November 10, 2024

ANU’s vice-chancellor shares ATAR message to anxious students

ATAR #ATAR

A senior academic has shared some comforting words of wisdom for students anxiously awaiting the release of their Year 12 marks in the coming days.

While Victorian students received Australian Tertiary Admission Ranks (ATAR) from 7am Monday morning, NSW and Queensland graduates will be waiting until Thursday and Friday to get their ranks. Students in South Australia and the Northern Territory will be the last to find out on Monday, December 19.

However, the vice-chancellor of Australian National University (ANU) Brian Schmidt, reassured students that their ATARs would not define their academic or professional futures.

“While I hope you get the outcome you worked so hard for, I want to remind you that your ATAR does not define your worth as a human being,” said the Australian Research Council Laureate Fellow and astrophysicist.
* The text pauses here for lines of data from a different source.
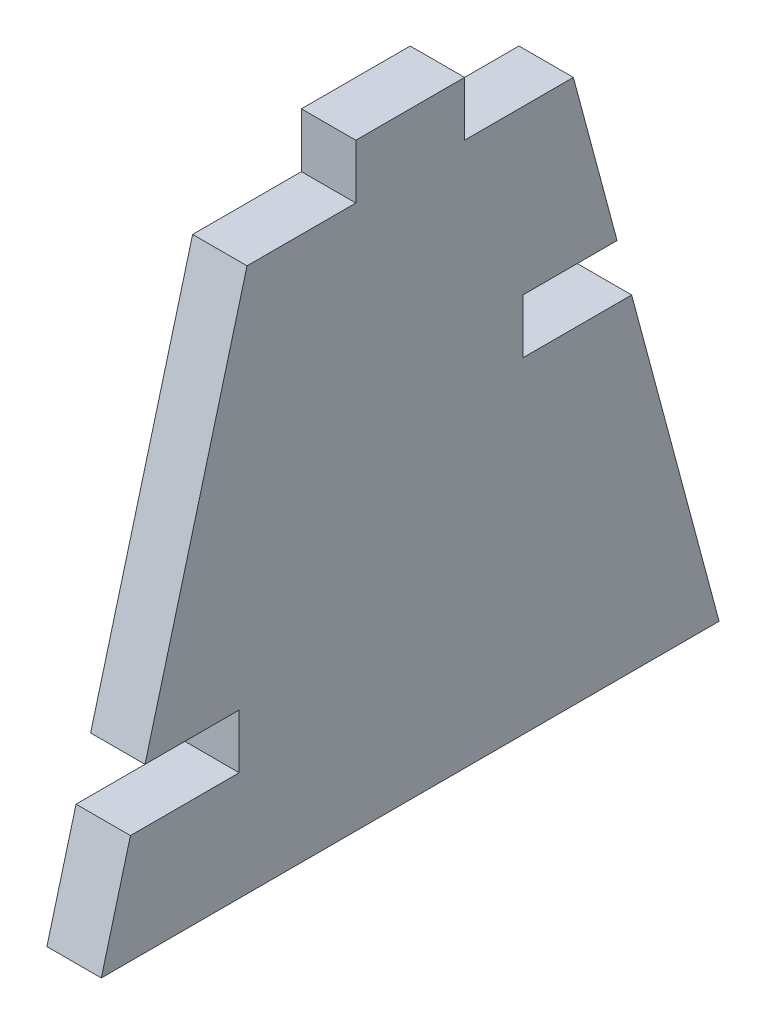
from build123d import *

# Parameters (mm, degrees)
BOSS_EXTRUDE1_DEPTH = 10


with BuildPart() as part:
    # Sketch1 → Boss-Extrude1 (new body)
    with BuildSketch(Plane(origin=(0, 0, 0), x_dir=(0, 0, -1), z_dir=(1, 0, 0))):
        Polygon((0, 0), (113.589838486, 0), (97.51288694, 60), (77.51288694, 60), (77.51288694, 70), (94.833395016, 70), (86.794919243, 100), (66.794919243, 100), (66.794919243, 110), (46.794919243, 110), (46.794919243, 100), (26.794919243, 100), (8.038475773, 30), (25.358983849, 30), (25.358983849, 20), (5.358983849, 20), align=None)
    extrude(amount=-BOSS_EXTRUDE1_DEPTH)


solid = part.part
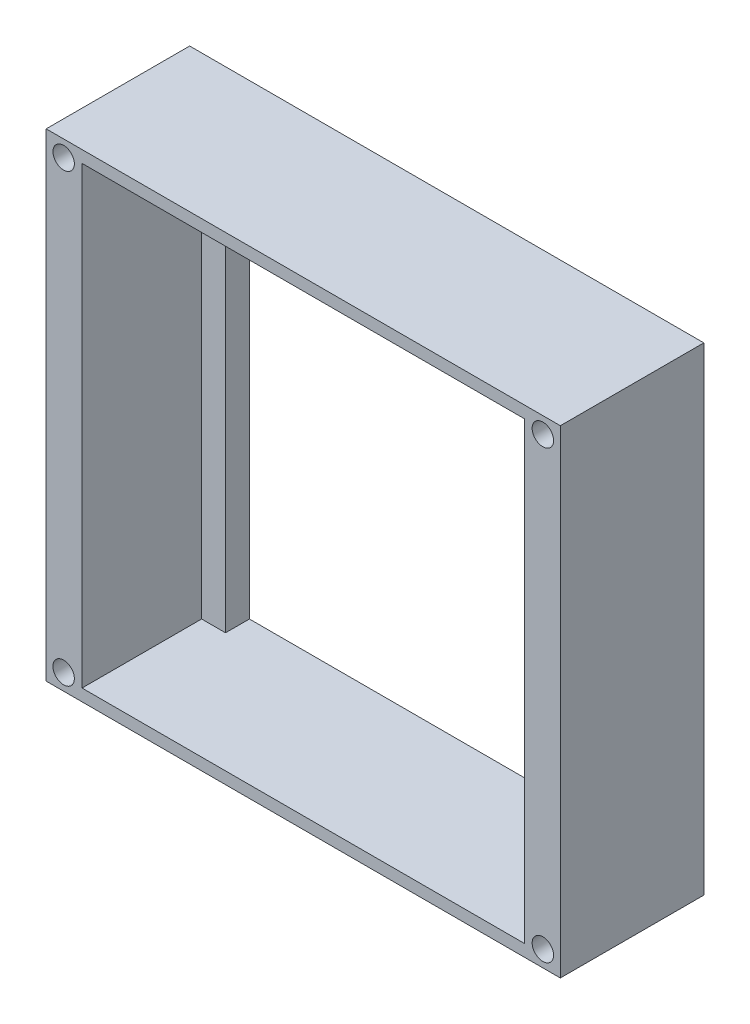
from build123d import *

# Parameters (mm, degrees)
SKETCH2_W           = 136.525
SKETCH2_H           = 127
BOSS_EXTRUDE1_DEPTH = 38.1
SKETCH3_W           = 117.475
SKETCH3_H           = 120.65
CUT_EXTRUDE2_DEPTH  = 31.75
SKETCH4_W           = 104.775
SKETCH4_H           = 120.65
CUT_EXTRUDE3_DEPTH  = 38.1
SKETCH5_R           = 2.8448
CUT_EXTRUDE4_DEPTH  = 25.4


with BuildPart() as part:
    # Sketch2 → Boss-Extrude1 (new body)
    with BuildSketch(Plane.XY):
        Rectangle(SKETCH2_W, SKETCH2_H)
    extrude(amount=-BOSS_EXTRUDE1_DEPTH)

    # Sketch3 → Cut-Extrude2 (cut)
    with BuildSketch(Plane.XY):
        Rectangle(SKETCH3_W, SKETCH3_H)
    extrude(amount=-CUT_EXTRUDE2_DEPTH, mode=Mode.SUBTRACT)

    # Sketch4 → Cut-Extrude3 (cut)
    with BuildSketch(Plane(origin=(0, 0, -38.1), x_dir=(-1, 0, 0), z_dir=(0, 0, -1))):
        Rectangle(SKETCH4_W, SKETCH4_H)
    extrude(amount=-CUT_EXTRUDE3_DEPTH, mode=Mode.SUBTRACT)

    # Sketch5 → Cut-Extrude4 (cut)
    with BuildSketch(Plane.XY):
        with Locations((-63.62065, 59.182)):
            Circle(SKETCH5_R)
        with Locations(Location((63.62065, 59.182, 0), (0, 0, 180))):
            Circle(SKETCH5_R)
        with Locations((63.62065, -59.182)):
            Circle(SKETCH5_R)
        with Locations(Location((-63.62065, -59.182, 0), (0, 0, 180))):
            Circle(SKETCH5_R)
    extrude(amount=-CUT_EXTRUDE4_DEPTH, mode=Mode.SUBTRACT)


solid = part.part
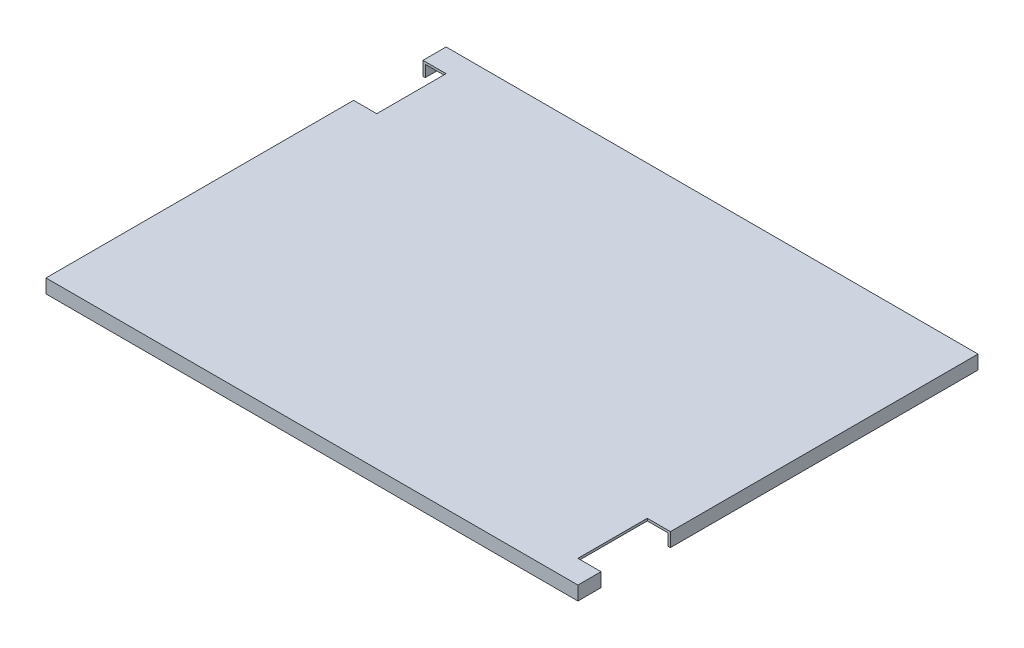
from build123d import *

# Parameters (mm, degrees)
SKETCH1_W           = 230
SKETCH1_H           = 173
BOSS_EXTRUDE1_DEPTH = 6
SKETCH2_W           = 228
SKETCH2_H           = 171
CUT_EXTRUDE1_DEPTH  = 5
SKETCH3_W           = 10
SKETCH3_H           = 30
CUT_EXTRUDE2_DEPTH  = 145.025171411


with BuildPart() as part:
    # Sketch1 → Boss-Extrude1 (new body)
    with BuildSketch(Plane(origin=(0, 0, 0), x_dir=(1, 0, 0), z_dir=(0, 1, 0))):
        Rectangle(SKETCH1_W, SKETCH1_H)
    extrude(amount=BOSS_EXTRUDE1_DEPTH)

    # Sketch2 → Cut-Extrude1 (cut)
    with BuildSketch(Plane(origin=(0, 0, 0), x_dir=(1, 0, 0), z_dir=(0, 1, 0))):
        Rectangle(SKETCH2_W, SKETCH2_H)
    extrude(amount=CUT_EXTRUDE1_DEPTH, mode=Mode.SUBTRACT)

    # Sketch3 → Cut-Extrude2 (cut, through all)
    with BuildSketch(Plane(origin=(0, 6, 0), x_dir=(1, 0, 0), z_dir=(0, 1, 0))):
        with Locations((110, -61.5)):
            Rectangle(SKETCH3_W, SKETCH3_H)
        with Locations((-110, 61.5)):
            Rectangle(SKETCH3_W, SKETCH3_H)
    extrude(amount=-CUT_EXTRUDE2_DEPTH, mode=Mode.SUBTRACT)


solid = part.part
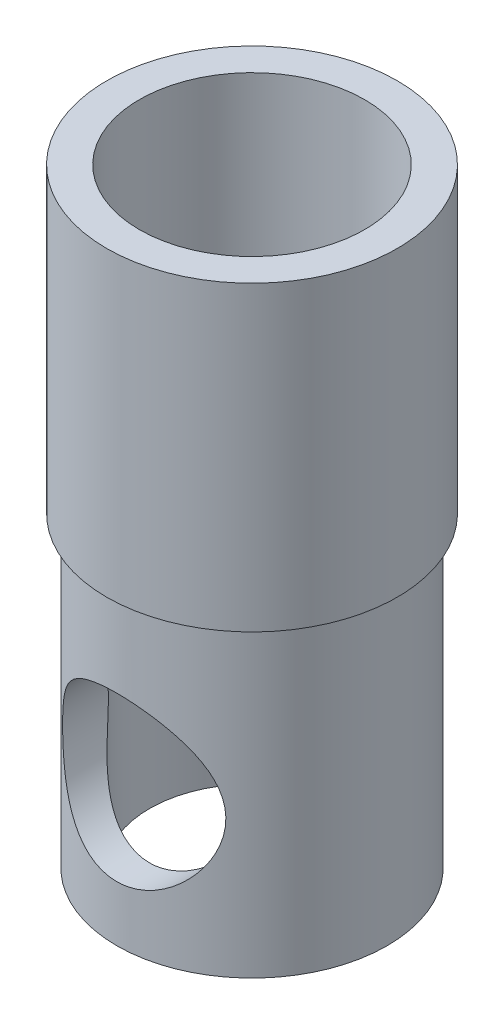
from build123d import *

# Parameters (mm, degrees)
BOSS_EXTRUDE1_DEPTH      = 1
BOSS_EXTRUDE1_DEPTH_BACK = 17.8
SKETCH1_R                = 8.28
SKETCH1_R_2              = 6.28
SKETCH2_R                = 8.9
SKETCH2_R_2              = 6.9
BOSS_EXTRUDE2_DEPTH      = 18.5
SKETCH3_R                = 5
CUT_EXTRUDE1_DEPTH       = 24.209265391


with BuildPart() as part:
    # Sketch1 → Boss-Extrude1 (new, two sides: drawn at the far end of the back side and taken through both)
    with BuildSketch(Plane(origin=(0, 0, 0), x_dir=(1, 0, 0), z_dir=(0, 1, 0)).offset(-BOSS_EXTRUDE1_DEPTH_BACK)):
        with Locations(Location((0, 0, 0), (0, 0, 270))):
            Circle(SKETCH1_R)
        with Locations(Location((0, 0, 0), (0, 0, 270))):
            Circle(SKETCH1_R_2, mode=Mode.SUBTRACT)
    extrude(amount=BOSS_EXTRUDE1_DEPTH + BOSS_EXTRUDE1_DEPTH_BACK)

    # Sketch2 → Boss-Extrude2 (add)
    with BuildSketch(Plane(origin=(0, 1, 0), x_dir=(1, 0, 0), z_dir=(0, 1, 0))):
        with Locations(Location((0, 0, 0), (0, 0, 270))):
            Circle(SKETCH2_R)
        with Locations(Location((0, 0, 0), (0, 0, 270))):
            Circle(SKETCH2_R_2, mode=Mode.SUBTRACT)
    extrude(amount=BOSS_EXTRUDE2_DEPTH)

    # Sketch3 → Cut-Extrude1 (cut, through all)
    with BuildSketch(Plane.XY):
        with Locations(Location((0, -9.4, 0), (0, 0, 90.000000004))):
            Circle(SKETCH3_R)
    extrude(amount=CUT_EXTRUDE1_DEPTH, mode=Mode.SUBTRACT)


solid = part.part

“I was a good student but I wasn’t the absolute best and that still turned out OK for me.

“Your ATAR might feel like the be-all and end-all but I promise you it’s not. Life is ultimately unpredictable but it’s who you are as a person – your kindness and your curiosity – that’s what’s going to keep you on the right path.”

Prof Schmidt is one of the many voices who are advocating a measured approach to this year’s release of ATAR results.

Swinburne University of Technology digital media senior lecturer Belinda Barnet also said there were other pathways into university courses.

“If you don’t like that number, don’t stress,” she tweeted.

“There are actually *lots* of other ways to get into the course you want. Times have changed.”

The anxious wait for results follows an IT glitch on the NSW Education Standards Authority website (NESTA), which meant some results were released five days early.

On Saturday morning some students were able to access their preliminary results, after a link was shared on an HSC Facebook discussion group.

NSW Education Minister Sarah Mitchell has since issued an apology to HSC students, saying she was “not happy” with the blunder.

“We just apologise for the confusion or the distress that this may have caused,” she told 9 News.